Member of the New York State Assembly
- In office January 1, 1955 – February 20, 1968
- Preceded by: Thomas Dwyer
- Succeeded by: Sidney Lichtman

Personal details
- Born: Bertram Lawrence Podell December 27, 1925 New York City, U.S.
- Died: August 17, 2005 (aged 79) New York City, U.S.
- Party: Democratic
- Spouse: Bunny Posen
- Children: 3
- Education: St. John's University (BA) Brooklyn Law School (LLB)

= Bertram L. Podell =

American politician

Bertram Lawrence "Bert" Podell (December 27, 1925 – August 17, 2005) was an American politician who served in the New York State Assembly for six terms and part of a seventh, and was a member of the United States House of Representatives from New York for part of one term and three full terms. He was a Democrat.
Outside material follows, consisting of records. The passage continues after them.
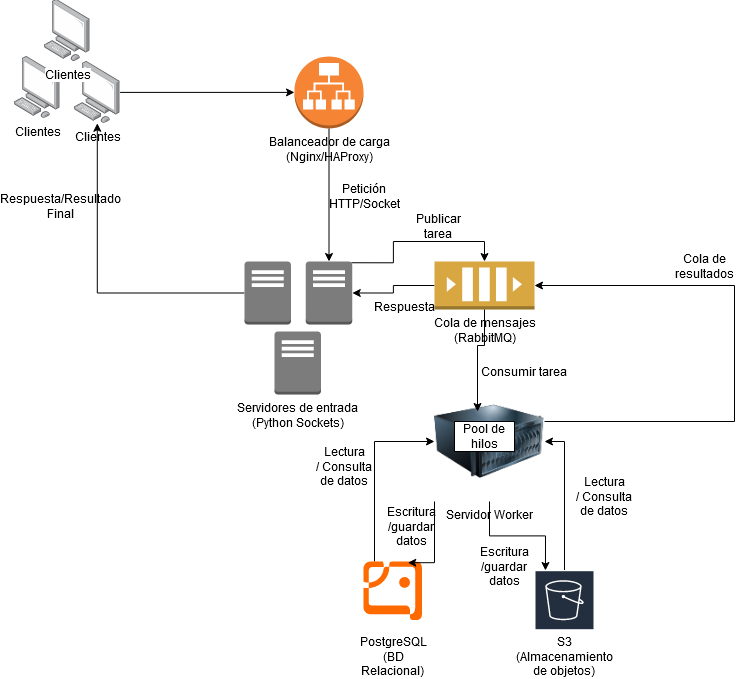

The diagram above was exported from draw.io. Its source (the exported page's mxGraphModel, read from the mxfile embedded in the PNG):
<mxGraphModel dx="1744" dy="1838" grid="1" gridSize="10" guides="1" tooltips="1" connect="1" arrows="1" fold="1" page="1" pageScale="1" pageWidth="827" pageHeight="1169" math="0" shadow="0">
  <root>
    <mxCell id="0" />
    <mxCell id="1" parent="0" />
    <mxCell id="dYscxjJlfZbd5XcGXk1T-16" style="edgeStyle=orthogonalEdgeStyle;rounded=0;orthogonalLoop=1;jettySize=auto;html=1;" edge="1" parent="1" source="dYscxjJlfZbd5XcGXk1T-1" target="dYscxjJlfZbd5XcGXk1T-2">
      <mxGeometry relative="1" as="geometry" />
    </mxCell>
    <mxCell id="dYscxjJlfZbd5XcGXk1T-1" value="Clientes" style="image;points=[];aspect=fixed;html=1;align=center;shadow=0;dashed=0;image=img/lib/allied_telesis/computer_and_terminals/Personal_Computer.svg;" vertex="1" parent="1">
      <mxGeometry x="80" y="50" width="45.6" height="61.800000000000004" as="geometry" />
    </mxCell>
    <mxCell id="dYscxjJlfZbd5XcGXk1T-17" style="edgeStyle=orthogonalEdgeStyle;rounded=0;orthogonalLoop=1;jettySize=auto;html=1;entryX=0.5;entryY=0;entryDx=0;entryDy=0;entryPerimeter=0;" edge="1" parent="1" source="dYscxjJlfZbd5XcGXk1T-2" target="dYscxjJlfZbd5XcGXk1T-3">
      <mxGeometry relative="1" as="geometry">
        <mxPoint x="334.5" y="240" as="targetPoint" />
      </mxGeometry>
    </mxCell>
    <mxCell id="dYscxjJlfZbd5XcGXk1T-2" value="&lt;div&gt;Balanceador de carga&lt;/div&gt;&lt;div&gt;(Nginx/HAProxy)&lt;/div&gt;&lt;div&gt;&lt;br&gt;&lt;/div&gt;" style="outlineConnect=0;dashed=0;verticalLabelPosition=bottom;verticalAlign=top;align=center;html=1;shape=mxgraph.aws3.application_load_balancer;fillColor=#F58534;gradientColor=none;" vertex="1" parent="1">
      <mxGeometry x="300" y="44.9" width="69" height="72" as="geometry" />
    </mxCell>
    <mxCell id="dYscxjJlfZbd5XcGXk1T-37" style="edgeStyle=orthogonalEdgeStyle;rounded=0;orthogonalLoop=1;jettySize=auto;html=1;exitX=0.98;exitY=0.02;exitDx=0;exitDy=0;exitPerimeter=0;entryX=0.5;entryY=0;entryDx=0;entryDy=0;entryPerimeter=0;" edge="1" parent="1" source="dYscxjJlfZbd5XcGXk1T-3" target="dYscxjJlfZbd5XcGXk1T-4">
      <mxGeometry relative="1" as="geometry" />
    </mxCell>
    <mxCell id="dYscxjJlfZbd5XcGXk1T-43" style="edgeStyle=orthogonalEdgeStyle;rounded=0;orthogonalLoop=1;jettySize=auto;html=1;" edge="1" parent="1" source="dYscxjJlfZbd5XcGXk1T-47" target="dYscxjJlfZbd5XcGXk1T-1">
      <mxGeometry relative="1" as="geometry" />
    </mxCell>
    <mxCell id="dYscxjJlfZbd5XcGXk1T-3" value="" style="outlineConnect=0;dashed=0;verticalLabelPosition=bottom;verticalAlign=top;align=center;html=1;shape=mxgraph.aws3.traditional_server;fillColor=#7D7C7C;gradientColor=none;" vertex="1" parent="1">
      <mxGeometry x="311.25" y="250" width="46.5" height="63" as="geometry" />
    </mxCell>
    <mxCell id="dYscxjJlfZbd5XcGXk1T-40" style="edgeStyle=orthogonalEdgeStyle;rounded=0;orthogonalLoop=1;jettySize=auto;html=1;" edge="1" parent="1" source="dYscxjJlfZbd5XcGXk1T-4" target="dYscxjJlfZbd5XcGXk1T-3">
      <mxGeometry relative="1" as="geometry" />
    </mxCell>
    <mxCell id="dYscxjJlfZbd5XcGXk1T-4" value="&lt;div&gt;Cola de mensajes&lt;/div&gt;&lt;div&gt;(RabbitMQ)&lt;/div&gt;&lt;div&gt;&lt;br&gt;&lt;/div&gt;" style="outlineConnect=0;dashed=0;verticalLabelPosition=bottom;verticalAlign=top;align=center;html=1;shape=mxgraph.aws3.queue;fillColor=#D9A741;gradientColor=none;" vertex="1" parent="1">
      <mxGeometry x="440" y="250" width="100" height="48" as="geometry" />
    </mxCell>
    <mxCell id="dYscxjJlfZbd5XcGXk1T-33" style="edgeStyle=orthogonalEdgeStyle;rounded=0;orthogonalLoop=1;jettySize=auto;html=1;entryX=1;entryY=0.5;entryDx=0;entryDy=0;entryPerimeter=0;" edge="1" parent="1" source="dYscxjJlfZbd5XcGXk1T-5" target="dYscxjJlfZbd5XcGXk1T-4">
      <mxGeometry relative="1" as="geometry">
        <mxPoint x="740" y="300" as="targetPoint" />
        <Array as="points">
          <mxPoint x="740" y="410" />
          <mxPoint x="740" y="274" />
        </Array>
      </mxGeometry>
    </mxCell>
    <mxCell id="dYscxjJlfZbd5XcGXk1T-5" value="&lt;div&gt;Servidor Worker&lt;/div&gt;&lt;div&gt;&lt;br&gt;&lt;/div&gt;&lt;div&gt;&lt;br&gt;&lt;/div&gt;" style="image;html=1;image=img/lib/clip_art/computers/Server_128x128.png" vertex="1" parent="1">
      <mxGeometry x="440" y="370" width="110" height="120" as="geometry" />
    </mxCell>
    <mxCell id="dYscxjJlfZbd5XcGXk1T-6" value="Pool de hilos" style="rounded=0;whiteSpace=wrap;html=1;" vertex="1" parent="1">
      <mxGeometry x="460" y="410" width="60" height="30" as="geometry" />
    </mxCell>
    <mxCell id="dYscxjJlfZbd5XcGXk1T-23" style="edgeStyle=orthogonalEdgeStyle;rounded=0;orthogonalLoop=1;jettySize=auto;html=1;" edge="1" parent="1" source="dYscxjJlfZbd5XcGXk1T-7" target="dYscxjJlfZbd5XcGXk1T-5">
      <mxGeometry relative="1" as="geometry">
        <Array as="points">
          <mxPoint x="380" y="430" />
        </Array>
      </mxGeometry>
    </mxCell>
    <mxCell id="dYscxjJlfZbd5XcGXk1T-7" value="" style="points=[];aspect=fixed;html=1;align=center;shadow=0;dashed=0;fillColor=#FF6A00;strokeColor=none;shape=mxgraph.alibaba_cloud.postgresql;" vertex="1" parent="1">
      <mxGeometry x="369" y="550" width="59.07" height="58.7" as="geometry" />
    </mxCell>
    <mxCell id="dYscxjJlfZbd5XcGXk1T-27" style="edgeStyle=orthogonalEdgeStyle;rounded=0;orthogonalLoop=1;jettySize=auto;html=1;entryX=1;entryY=0.5;entryDx=0;entryDy=0;" edge="1" parent="1" source="dYscxjJlfZbd5XcGXk1T-8" target="dYscxjJlfZbd5XcGXk1T-5">
      <mxGeometry relative="1" as="geometry" />
    </mxCell>
    <mxCell id="dYscxjJlfZbd5XcGXk1T-8" value="" style="sketch=0;outlineConnect=0;fontColor=#232F3E;gradientColor=none;strokeColor=#ffffff;fillColor=#232F3E;dashed=0;verticalLabelPosition=middle;verticalAlign=bottom;align=center;html=1;whiteSpace=wrap;fontSize=10;fontStyle=1;spacing=3;shape=mxgraph.aws4.productIcon;prIcon=mxgraph.aws4.s3;" vertex="1" parent="1">
      <mxGeometry x="540" y="558.7" width="60" height="50" as="geometry" />
    </mxCell>
    <mxCell id="dYscxjJlfZbd5XcGXk1T-10" value="&lt;div&gt;PostgreSQL&lt;/div&gt;&lt;div&gt;(BD Relacional)&lt;br&gt;&lt;/div&gt;" style="text;html=1;whiteSpace=wrap;strokeColor=none;fillColor=none;align=center;verticalAlign=middle;rounded=0;" vertex="1" parent="1">
      <mxGeometry x="369" y="630" width="60" height="30" as="geometry" />
    </mxCell>
    <mxCell id="dYscxjJlfZbd5XcGXk1T-11" value="S3 (Almacenamiento de objetos)" style="text;html=1;whiteSpace=wrap;strokeColor=none;fillColor=none;align=center;verticalAlign=middle;rounded=0;" vertex="1" parent="1">
      <mxGeometry x="540" y="630" width="60" height="30" as="geometry" />
    </mxCell>
    <mxCell id="dYscxjJlfZbd5XcGXk1T-14" style="edgeStyle=orthogonalEdgeStyle;rounded=0;orthogonalLoop=1;jettySize=auto;html=1;entryX=0.75;entryY=0.021;entryDx=0;entryDy=0;entryPerimeter=0;" edge="1" parent="1" source="dYscxjJlfZbd5XcGXk1T-5" target="dYscxjJlfZbd5XcGXk1T-7">
      <mxGeometry relative="1" as="geometry">
        <Array as="points">
          <mxPoint x="440" y="551" />
        </Array>
      </mxGeometry>
    </mxCell>
    <mxCell id="dYscxjJlfZbd5XcGXk1T-18" value="Petición HTTP/Socket" style="text;html=1;whiteSpace=wrap;strokeColor=none;fillColor=none;align=center;verticalAlign=middle;rounded=0;" vertex="1" parent="1">
      <mxGeometry x="340" y="170" width="60" height="30" as="geometry" />
    </mxCell>
    <mxCell id="dYscxjJlfZbd5XcGXk1T-21" style="edgeStyle=orthogonalEdgeStyle;rounded=0;orthogonalLoop=1;jettySize=auto;html=1;exitX=0.5;exitY=1;exitDx=0;exitDy=0;exitPerimeter=0;entryX=0.391;entryY=0.25;entryDx=0;entryDy=0;entryPerimeter=0;" edge="1" parent="1" source="dYscxjJlfZbd5XcGXk1T-4" target="dYscxjJlfZbd5XcGXk1T-5">
      <mxGeometry relative="1" as="geometry" />
    </mxCell>
    <mxCell id="dYscxjJlfZbd5XcGXk1T-22" value="Consumir tarea" style="text;html=1;whiteSpace=wrap;strokeColor=none;fillColor=none;align=center;verticalAlign=middle;rounded=0;" vertex="1" parent="1">
      <mxGeometry x="480" y="330" width="100" height="60" as="geometry" />
    </mxCell>
    <mxCell id="dYscxjJlfZbd5XcGXk1T-26" style="edgeStyle=orthogonalEdgeStyle;rounded=0;orthogonalLoop=1;jettySize=auto;html=1;entryX=0.183;entryY=0.006;entryDx=0;entryDy=0;entryPerimeter=0;" edge="1" parent="1" source="dYscxjJlfZbd5XcGXk1T-5" target="dYscxjJlfZbd5XcGXk1T-8">
      <mxGeometry relative="1" as="geometry" />
    </mxCell>
    <mxCell id="dYscxjJlfZbd5XcGXk1T-28" value="&lt;div&gt;Escritura&lt;/div&gt;&lt;div&gt;/guardar datos&lt;/div&gt;" style="text;html=1;whiteSpace=wrap;strokeColor=none;fillColor=none;align=center;verticalAlign=middle;rounded=0;" vertex="1" parent="1">
      <mxGeometry x="386.5" y="500" width="60" height="30" as="geometry" />
    </mxCell>
    <mxCell id="dYscxjJlfZbd5XcGXk1T-30" value="&lt;div&gt;Lectura&lt;/div&gt;&lt;div&gt;/ Consulta de datos&lt;br&gt;&lt;/div&gt;" style="text;html=1;whiteSpace=wrap;strokeColor=none;fillColor=none;align=center;verticalAlign=middle;rounded=0;" vertex="1" parent="1">
      <mxGeometry x="320" y="440" width="60" height="30" as="geometry" />
    </mxCell>
    <mxCell id="dYscxjJlfZbd5XcGXk1T-31" value="&lt;div&gt;Escritura&lt;/div&gt;&lt;div&gt;/guardar datos&lt;/div&gt;" style="text;html=1;whiteSpace=wrap;strokeColor=none;fillColor=none;align=center;verticalAlign=middle;rounded=0;" vertex="1" parent="1">
      <mxGeometry x="480" y="540" width="60" height="30" as="geometry" />
    </mxCell>
    <mxCell id="dYscxjJlfZbd5XcGXk1T-32" value="&lt;div&gt;Lectura&lt;/div&gt;&lt;div&gt;/ Consulta de datos&lt;br&gt;&lt;/div&gt;" style="text;html=1;whiteSpace=wrap;strokeColor=none;fillColor=none;align=center;verticalAlign=middle;rounded=0;" vertex="1" parent="1">
      <mxGeometry x="580" y="470" width="60" height="30" as="geometry" />
    </mxCell>
    <mxCell id="dYscxjJlfZbd5XcGXk1T-34" value="Cola de resultados" style="text;html=1;whiteSpace=wrap;strokeColor=none;fillColor=none;align=center;verticalAlign=middle;rounded=0;" vertex="1" parent="1">
      <mxGeometry x="680" y="240" width="60" height="30" as="geometry" />
    </mxCell>
    <mxCell id="dYscxjJlfZbd5XcGXk1T-38" value="Publicar tarea" style="text;html=1;whiteSpace=wrap;strokeColor=none;fillColor=none;align=center;verticalAlign=middle;rounded=0;" vertex="1" parent="1">
      <mxGeometry x="414" y="200" width="60" height="30" as="geometry" />
    </mxCell>
    <mxCell id="dYscxjJlfZbd5XcGXk1T-42" value="Respuesta" style="text;html=1;whiteSpace=wrap;strokeColor=none;fillColor=none;align=center;verticalAlign=middle;rounded=0;" vertex="1" parent="1">
      <mxGeometry x="380" y="280" width="60" height="30" as="geometry" />
    </mxCell>
    <mxCell id="dYscxjJlfZbd5XcGXk1T-44" value="Respuesta/Resultado Final" style="text;html=1;whiteSpace=wrap;strokeColor=none;fillColor=none;align=center;verticalAlign=middle;rounded=0;" vertex="1" parent="1">
      <mxGeometry x="35.599999999999994" y="180" width="60" height="30" as="geometry" />
    </mxCell>
    <mxCell id="dYscxjJlfZbd5XcGXk1T-45" value="Clientes" style="image;points=[];aspect=fixed;html=1;align=center;shadow=0;dashed=0;image=img/lib/allied_telesis/computer_and_terminals/Personal_Computer.svg;" vertex="1" parent="1">
      <mxGeometry x="20" y="44.9" width="45.6" height="61.800000000000004" as="geometry" />
    </mxCell>
    <mxCell id="dYscxjJlfZbd5XcGXk1T-46" value="Clientes" style="image;points=[];aspect=fixed;html=1;align=center;shadow=0;dashed=0;image=img/lib/allied_telesis/computer_and_terminals/Personal_Computer.svg;" vertex="1" parent="1">
      <mxGeometry x="50" y="-11.799999999999997" width="45.6" height="61.800000000000004" as="geometry" />
    </mxCell>
    <mxCell id="dYscxjJlfZbd5XcGXk1T-47" value="" style="outlineConnect=0;dashed=0;verticalLabelPosition=bottom;verticalAlign=top;align=center;html=1;shape=mxgraph.aws3.traditional_server;fillColor=#7D7C7C;gradientColor=none;" vertex="1" parent="1">
      <mxGeometry x="250" y="250" width="46.5" height="63" as="geometry" />
    </mxCell>
    <mxCell id="dYscxjJlfZbd5XcGXk1T-49" value="&lt;div&gt;Servidores de entrada&lt;/div&gt;&lt;div&gt;(Python Sockets)&lt;/div&gt;" style="outlineConnect=0;dashed=0;verticalLabelPosition=bottom;verticalAlign=top;align=center;html=1;shape=mxgraph.aws3.traditional_server;fillColor=#7D7C7C;gradientColor=none;" vertex="1" parent="1">
      <mxGeometry x="280" y="320" width="46.5" height="63" as="geometry" />
    </mxCell>
  </root>
</mxGraphModel>

In 1973, Podell was charged with bribery. He pled guilty to reduced charges of conspiracy and conflict of interest.

==Personal life==
Podell was born on December 27, 1925, in Brooklyn, New York, the oldest of three children born to Hyman Podell and Henriette Menaker Podell. The family name was originally Podolsky. He attended Abraham Lincoln High School, joined the United States Navy for World War II, and served from 1944 until 1946. Podell graduated from St. John's University in 1947 and Brooklyn Law School in 1950.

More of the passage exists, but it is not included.